Western Painted A small turtle with red markings on the marginals and a smooth, oval, somewhat flattened keelless carapace which is black, brown, or olive in color with a network of faint light lines and olive, yellowish, or red borders along front edge of the shields. The posterior rim of the carapace has a smooth (not serrated) border.
The limbs and head are black to olive and marked with yellow lines.
Yellow stripes extend rearward from underneath the eyes and often from below the jaw.
The upper jaw is notched in front.
The unhinged plastron is reddish with a large dark mark in the center which branches out between the scutes.
Male / Female Differences
Males are smaller than females and have very long nails on the front feet.
A male’s plastron is more concave toward the rear than it is on a female.
Young
The plastron coloring on juveniles is more strongly contrasted than on adults.
Similar Species
Turtles of another alien species – Red-eared Slider, Tracemys scripta elegans, are more common in California waters than painted turtles. You can use a couple of details to tell them apart in the field if you can get close enough, the color behind the eye and the rear of the shell. See above.
If you get the turtle in hand, you can also look at the plastron, which will be marked with a lot of red on the painted turtle but not marked with red on the slider.
Life History and Behavior
Activity
Aquatic and diurnal. Sleeps at night on the bottom or on a partially submerged object. Probably active all year long in the south but inactive during cold periods. In the north, probably hibernates beginning in late fall, emerging in March or April.
Often seen basking on rocks, logs, or dirt banks, sometimes in large groups.
Relatively cold-tolerant. In some areas, they can be observed swimming under ice just before it melts in March.
Turtles Walking on Land Do Not Always Need to be Picked Up and Rescued
Turtles sometimes leave the water to search for food, a better place to live, a mate, or to lay their eggs in the spring – typically from March to June. If you see a turtle walking on the land, it is probably not sick or lost, so the best thing you can do for the turtle is to leave it alone. Some people want to help a turtle they think is in danger by picking it up and bringing it home or to a wildlife rehabilitation center, but most of the time this harms the turtle by removing it from the wild without reason. Sometimes turtles do get lost or stranded in yards or on busy roads or somewhere where they may be in danger. If you find one in such a situation, it’s ok to move it out of danger, but it’s best to leave it in a safe place as close to where you found it as possible.
Diet and Feeding
An omnivorous generalist – eating almost anything found in its habitat, including insects, worms, snails, crayfish, fish, amphibians and tadpoles, carrion, and aquatic vegetation. Young are carnivorous, but become more herbivorous as they grow older.
Reproduction
Z
Habitat
Ponds, marshes, lakes, ditches, quiet streams with sandy or muddy bottoms and aquatic vegetation.
Geographical Range
Chrysemys picta – Painted Turtle – is the most widespread species of freshwater turtle inhabiting North America, ranging across the entire continent from southeastern Canada to Louisiana to Washington, with isolated populations in Utah, Arizona, New Mexico and Texas.

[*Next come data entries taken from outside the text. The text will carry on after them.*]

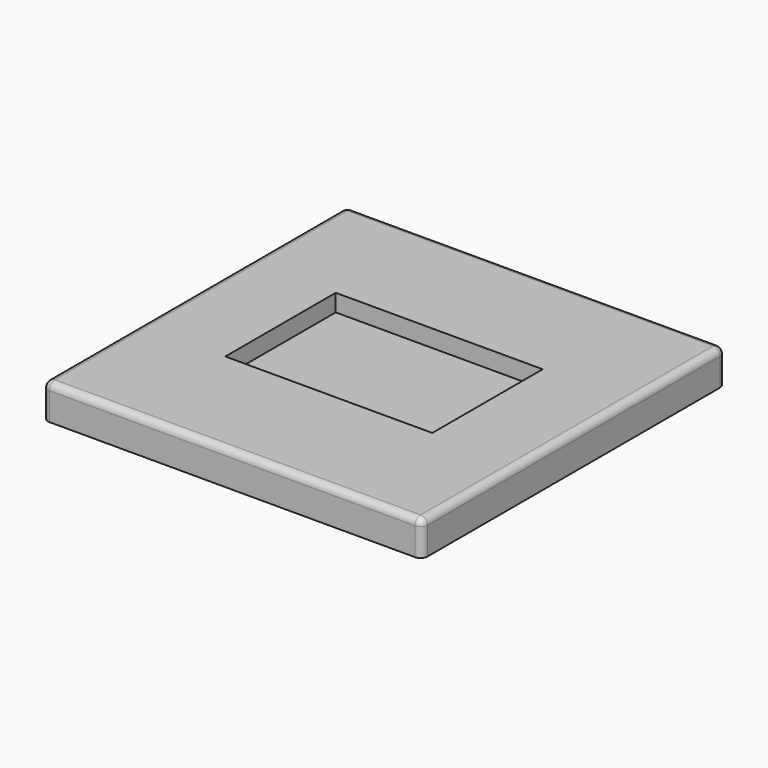
from build123d import *

# Parameters (mm, degrees)
F0_W         = 550
F0_H         = 550
F1_DEPTH     = 50
F2_R         = 10
F3_T1_DEPTH  = 65
F3_S5_W      = 10
F3_S5_H      = 10
F3_T6_DEPTH  = 10
F3_S11_W     = 10
F3_S11_H     = 10
F3_T12_DEPTH = 10
F3_S17_W     = 10
F3_S17_H     = 10
F3_T18_DEPTH = 10
F3_S23_W     = 10
F3_S23_H     = 10
F3_T24_DEPTH = 10
F4_W         = 300
F4_H         = 200
F5_DEPTH     = 25


# Not quite as in the source:
# - a fillet or chamfer that OpenCascade refuses, or shapes differently, is made with other operations: its cross-section is extruded or revolved along the edge and cut away or added


with BuildPart() as f1:
    # F0 (on Top) → F1 (new body)
    with BuildSketch(Plane.XY):
        Rectangle(F0_W, F0_H)
    extrude(amount=F1_DEPTH)

    # F2
    f2_edges = [f1.edges().sort_by_distance(p)[0] for p in [
        (0, -275, 50),
        (275, 0, 50),
        (0, 275, 50),
        (-275, 0, 50),
    ]]
    fillet(f2_edges, radius=F2_R)

    # F3: fillet of radius 10 on 4 edges, made by hand

    # F3_s2 → F3_t1 (cut)
    with BuildSketch(Plane.XY.offset(-25)):
        with BuildLine():
            ThreePointArc((275, -265), (272.0710678119, -272.0710678119), (265, -275))
            Line((265, -275), (275, -275))
            Line((275, -275), (275, -265))
        make_face()
        with BuildLine():
            ThreePointArc((-265, -275), (-272.0710678119, -272.0710678119), (-275, -265))
            Line((-275, -265), (-275, -275))
            Line((-275, -275), (-265, -275))
        make_face()
        with BuildLine():
            ThreePointArc((275, 265), (272.0710678119, 272.0710678119), (265, 275))
            Line((265, 275), (275, 275))
            Line((275, 275), (275, 265))
        make_face()
        with BuildLine():
            ThreePointArc((-265, 275), (-272.0710678119, 272.0710678119), (-275, 265))
            Line((-275, 265), (-275, 275))
            Line((-275, 275), (-265, 275))
        make_face()
    extrude(amount=F3_T1_DEPTH, mode=Mode.SUBTRACT)


with BuildPart() as f3_tool4:
    # F3_s5 → F3_t6 (new body)
    with BuildSketch(Plane.XZ.offset(-265)):
        with Locations((-270, 45)):
            Rectangle(F3_S5_W, F3_S5_H)
    extrude(amount=-F3_T6_DEPTH)

    # F3_s7 → F3_t8 (revolve, cut)
    with BuildSketch(Plane(origin=(-265, 265, 40), x_dir=(0.7071067812, 0, -0.7071067812), z_dir=(0.7071067812, 0, 0.7071067812))):
        with BuildLine():
            ThreePointArc((0, -10), (10, 0), (0, 10))
            Line((0, 10), (0, -10))
        make_face()
    revolve(axis=Axis((-265, 265, 40), (0, 1, 0)), mode=Mode.SUBTRACT)


with BuildPart() as f1_1:
    add(f1.part)

    # F3_t3: cut F3_tool4
    add(f3_tool4.part, mode=Mode.SUBTRACT)


with BuildPart() as f3_tool10:
    # F3_s11 → F3_t12 (new body)
    with BuildSketch(Plane.YZ.offset(265)):
        with Locations((270, 45)):
            Rectangle(F3_S11_W, F3_S11_H)
    extrude(amount=F3_T12_DEPTH)

    # F3_s13 → F3_t14 (revolve, cut)
    with BuildSketch(Plane(origin=(265, 265, 40), x_dir=(0, -0.7071067812, -0.7071067812), z_dir=(0, -0.7071067812, 0.7071067812))):
        with BuildLine():
            ThreePointArc((0, -10), (10, 0), (0, 10))
            Line((0, 10), (0, -10))
        make_face()
    revolve(axis=Axis((265, 265, 40), (1, 0, 0)), mode=Mode.SUBTRACT)


with BuildPart() as f1_2:
    add(f1_1.part)

    # F3_t9: cut F3_tool10
    add(f3_tool10.part, mode=Mode.SUBTRACT)


with BuildPart() as f3_tool16:
    # F3_s17 → F3_t18 (new body)
    with BuildSketch(Plane.XZ.offset(265)):
        with Locations((-270, 45)):
            Rectangle(F3_S17_W, F3_S17_H)
    extrude(amount=F3_T18_DEPTH)

    # F3_s19 → F3_t20 (revolve, cut)
    with BuildSketch(Plane(origin=(-265, -265, 40), x_dir=(0.7071067812, 0, -0.7071067812), z_dir=(-0.7071067812, 0, -0.7071067812))):
        with BuildLine():
            ThreePointArc((0, -10), (10, 0), (0, 10))
            Line((0, 10), (0, -10))
        make_face()
    revolve(axis=Axis((-265, -265, 40), (0, -1, 0)), mode=Mode.SUBTRACT)


with BuildPart() as f1_3:
    add(f1_2.part)

    # F3_t15: cut F3_tool16
    add(f3_tool16.part, mode=Mode.SUBTRACT)


with BuildPart() as f3_tool22:
    # F3_s23 → F3_t24 (new body)
    with BuildSketch(Plane.YZ.offset(265)):
        with Locations((-270, 45)):
            Rectangle(F3_S23_W, F3_S23_H)
    extrude(amount=F3_T24_DEPTH)

    # F3_s25 → F3_t26 (revolve, cut)
    with BuildSketch(Plane(origin=(265, -265, 40), x_dir=(0, 0.7071067812, -0.7071067812), z_dir=(0, -0.7071067812, -0.7071067812))):
        with BuildLine():
            ThreePointArc((0, -10), (10, 0), (0, 10))
            Line((0, 10), (0, -10))
        make_face()
    revolve(axis=Axis((265, -265, 40), (1, 0, 0)), mode=Mode.SUBTRACT)


with BuildPart() as f1_4:
    add(f1_3.part)

    # F3_t21: cut F3_tool22
    add(f3_tool22.part, mode=Mode.SUBTRACT)

    # F4 (on face) → F5 (cut)
    with BuildSketch(Plane.XY.offset(50)):
        Rectangle(F4_W, F4_H)
    extrude(amount=-F5_DEPTH, mode=Mode.SUBTRACT)


solid = f1_4.part
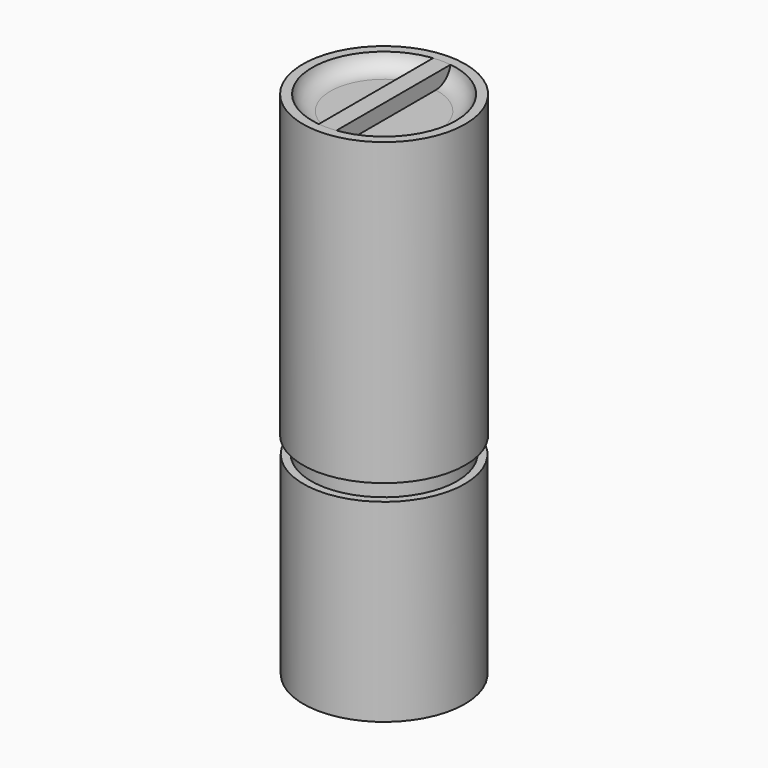
from build123d import *

# Parameters (mm, degrees)
F0_R      = 33.1221613945
F1_DEPTH  = 79.502
F2_R      = 29.9522541519
F3_DEPTH  = 6.858
F4_R      = 33.3382653076
F4_R_2    = 29.9522541519
F5_DEPTH  = 123.19
F6_R      = 29.5084253816
F7_DEPTH  = 6.096
F10_DEPTH = 25.4


# Not quite as in the source:
# - a fillet or chamfer that OpenCascade refuses, or shapes differently, is made with other operations: its cross-section is extruded or revolved along the edge and cut away or added


with BuildPart() as f1:
    # F0 (on Top) → F1 (new body)
    with BuildSketch(Plane.XY):
        with Locations((-20.5001533031, 21.8376107514)):
            Circle(F0_R)
    extrude(amount=F1_DEPTH)

    # F2 (on face) → F3 (join)
    with BuildSketch(Plane.XY.offset(79.502)):
        with Locations((-20.5001533031, 21.8376107514)):
            Circle(F2_R)
    extrude(amount=F3_DEPTH)

    # F4 (on face) → F5 (join)
    with BuildSketch(Plane.XY.offset(86.36)):
        with Locations((-20.5001533031, 21.8376107514)):
            Circle(F4_R)
        with Locations((-20.5001533031, 21.8376107514)):
            Circle(F4_R_2, mode=Mode.SUBTRACT)
        with Locations((-20.5001533031, 21.8376107514)):
            Circle(F4_R_2)
    extrude(amount=F5_DEPTH)

    # F6 (on face) → F7 (cut)
    with BuildSketch(Plane.XY.offset(209.55)):
        with Locations((-20.5001533031, 21.8376107514)):
            Circle(F6_R)
    extrude(amount=-F7_DEPTH, mode=Mode.SUBTRACT)

    # F8: fillet of radius 7.62 on 1 edges, made by hand

    # F8_s1 → F8_t2 (revolve)
    with BuildSketch(Plane.XZ.offset(-21.8376107514)):
        with BuildLine():
            ThreePointArc((9.0082720785, 209.55), (6.3615384966, 205.1715733804), (1.5422273425, 203.454))
            Line((1.5422273425, 203.454), (9.0082720785, 203.454))
            Line((9.0082720785, 203.454), (9.0082720785, 209.55))
        make_face()
    revolve(axis=Axis((-20.5001533031, 21.8376107514, 203.454), (0, 0, 1)))


with BuildPart() as f10:
    # F9 (on face) → F10 (new body)
    with BuildSketch(Plane.XY.offset(209.55)):
        with BuildLine():
            ThreePointArc((-16.6392866522, 51.0923689491), (-20.2408198189, 51.3448965406), (-23.8462351263, 51.1557093415))
            Line((-23.8462351263, 51.1557093415), (-23.8462351263, -7.4804878387))
            ThreePointArc((-23.8462351263, -7.4804878387), (-20.2408198189, -7.6696750378), (-16.6392866522, -7.4171474463))
            Line((-16.6392866522, -7.4171474463), (-16.6392866522, 51.0923689491))
        make_face()
    extrude(amount=-F10_DEPTH)


solid = Compound([f1.part, f10.part])
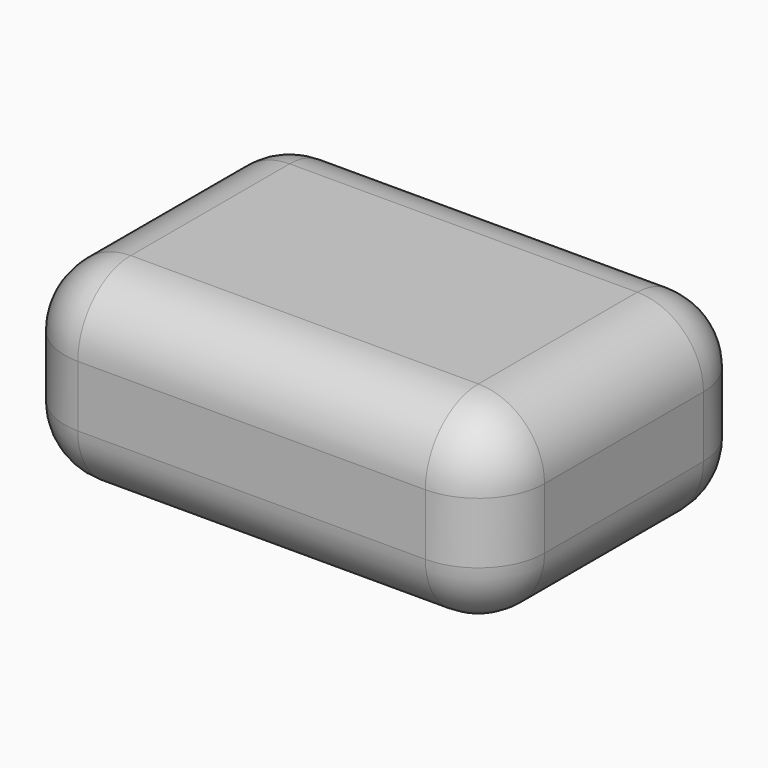
from build123d import *

# Parameters (mm, degrees)
F0_W     = 36.83
F0_H     = 25.4
F1_DEPTH = 14.859
F2_W     = 15.24
F2_H     = 4.699
F3_DEPTH = 18.542
F4_DEPTH = 16.256
F5_R     = 5.07999


# Not quite as in the source:
# - a fillet or chamfer is up to 0.001 mm smaller than in the source, because OpenCascade refuses the exact size


with BuildPart() as f1:
    # F0 (on Top) → F1 (new body)
    with BuildSketch(Plane.XY):
        Rectangle(F0_W, F0_H)
    extrude(amount=F1_DEPTH)

    # F2 (on Right) → F3 (cut)
    with BuildSketch(Plane.YZ):
        with Locations((0, 7.4295)):
            Rectangle(F2_W, F2_H)
    extrude(amount=-F3_DEPTH, mode=Mode.SUBTRACT)

    # F2 (on Right) → F4 (cut)
    with BuildSketch(Plane.YZ):
        with Locations((0, 7.4295)):
            Rectangle(F2_W, F2_H)
    extrude(amount=F4_DEPTH, mode=Mode.SUBTRACT)

    # F5 (radius 5.08 in the source; OpenCascade refuses exactly that, so slightly less here)
    f5_edges = [f1.edges().sort_by_distance(p)[0] for p in [
        (0, -12.7, 14.859),
        (18.415, 0, 14.859),
        (18.415, -12.7, 7.4295),
        (18.415, 0, 0),
        (18.415, 12.7, 7.4295),
        (0, 12.7, 0),
        (0, -12.7, 0),
        (0, 12.7, 14.859),
        (-18.415, 0, 14.859),
        (-18.415, 12.7, 7.4295),
        (-18.415, 0, 0),
        (-18.415, -12.7, 7.4295),
    ]]
    fillet(f5_edges, radius=F5_R)


solid = f1.part
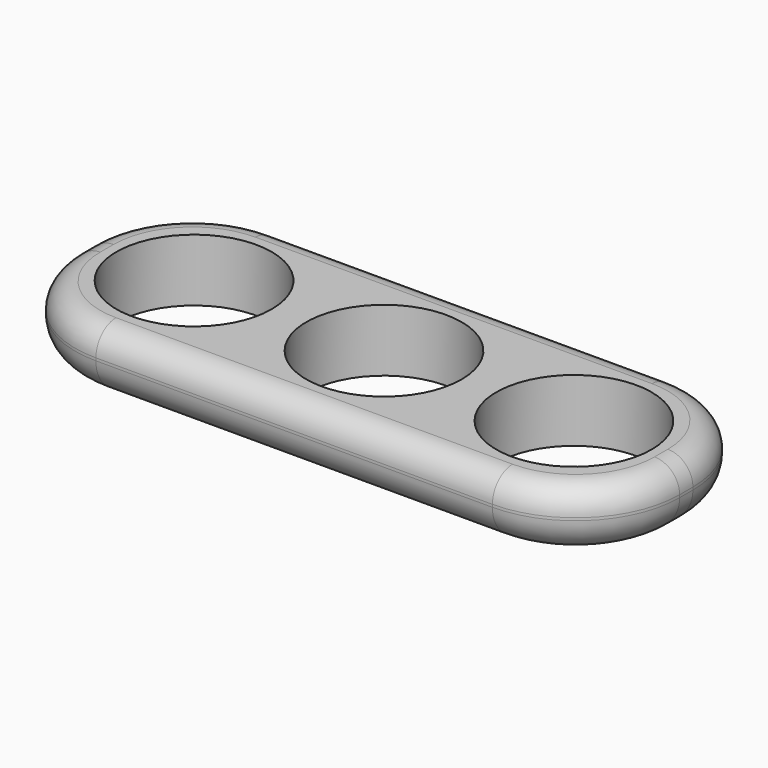
from build123d import *

# Parameters (mm, degrees)
F0_R     = 11.2
F1_DEPTH = 9
F2_R     = 3.6213203436
F3_R     = 4.99999


# Not quite as in the source:
# - a fillet or chamfer is up to 0.001 mm smaller than in the source, because OpenCascade refuses the exact size


with BuildPart() as f1:
    # F0 (on Top) → F1 (new body)
    with BuildSketch(Plane.XY):
        with BuildLine():
            Line((28.6, 16.2), (-28.6, 16.2))
            ThreePointArc((-28.6, 16.2), (-39.2066017178, 11.8066017178), (-43.6, 1.2))
            Line((-43.6, 1.2), (-43.6, -1.2))
            ThreePointArc((-43.6, -1.2), (-39.2066017178, -11.8066017178), (-28.6, -16.2))
            Line((-28.6, -16.2), (28.6, -16.2))
            ThreePointArc((28.6, -16.2), (39.2066017178, -11.8066017178), (43.6, -1.2))
            Line((43.6, -1.2), (43.6, 1.2))
            ThreePointArc((43.6, 1.2), (39.2066017178, 11.8066017178), (28.6, 16.2))
        make_face()
        with Locations((-27.4, 0)):
            Circle(F0_R, mode=Mode.SUBTRACT)
        Circle(F0_R, mode=Mode.SUBTRACT)
        with Locations((27.4, 0)):
            Circle(F0_R, mode=Mode.SUBTRACT)
    extrude(amount=F1_DEPTH)

    # F2
    f2_edges = [f1.edges().sort_by_distance(p)[0] for p in [
        (39.206602, 11.806602, 9),
    ]]
    fillet(f2_edges, radius=F2_R)

    # F3 (radius 5 in the source; OpenCascade refuses exactly that, so slightly less here)
    f3_edges = [f1.edges().sort_by_distance(p)[0] for p in [
        (0, 16.2, 0),
        (39.206602, 11.806602, 0),
    ]]
    fillet(f3_edges, radius=F3_R)


solid = f1.part

The species is reported to be introduced and established in waters throughout populated areas of coastal southern California,
however I can find very few sight records or museum specimens for this species from anywhere in California.
It is likely that most of the sightings of this species did not result in specimens being collected and deposited in a museum or written up as a sight record in a herpetological journal.
It’s also possible that some turtles identified at a distance as painted turtles might be Red-eared Sliders since they are similar in appearance at a distance.
My range map shows the same general range in the heavily-population region of coastal southern California that is found in most field guides,
including Stebbins and McGinnis, 2012, even though I cannot find very many records from this area. It makes sense that they are found in the area,
although not in every pond and lake.
I suspect that the species can be found in other locations throughout the state where pet owners have dumped them, but it is uncertain if they have been established in many of those locations.
(There are also reports of this species from Napa and Solano Counties, with no specific locations given.)
I’ve also seen pictures of an Eastern Painted Turtle – C. p. picta, that was found on the Stanislaus River below Knights Ferry.
In the late 1970s, some painted turtles were released at Kaiser Meadow in Siskiyou County. A local science teacher notified Robert Stebbins resulting in the inclusion of the location in his subsequent field guides (including his final 2013 guide). Searches there since the 1980s have uncovered no painted turtles, only native pond turtles. It appears that there is no established population at Kaiser Meadow, so I have left that location off my range map.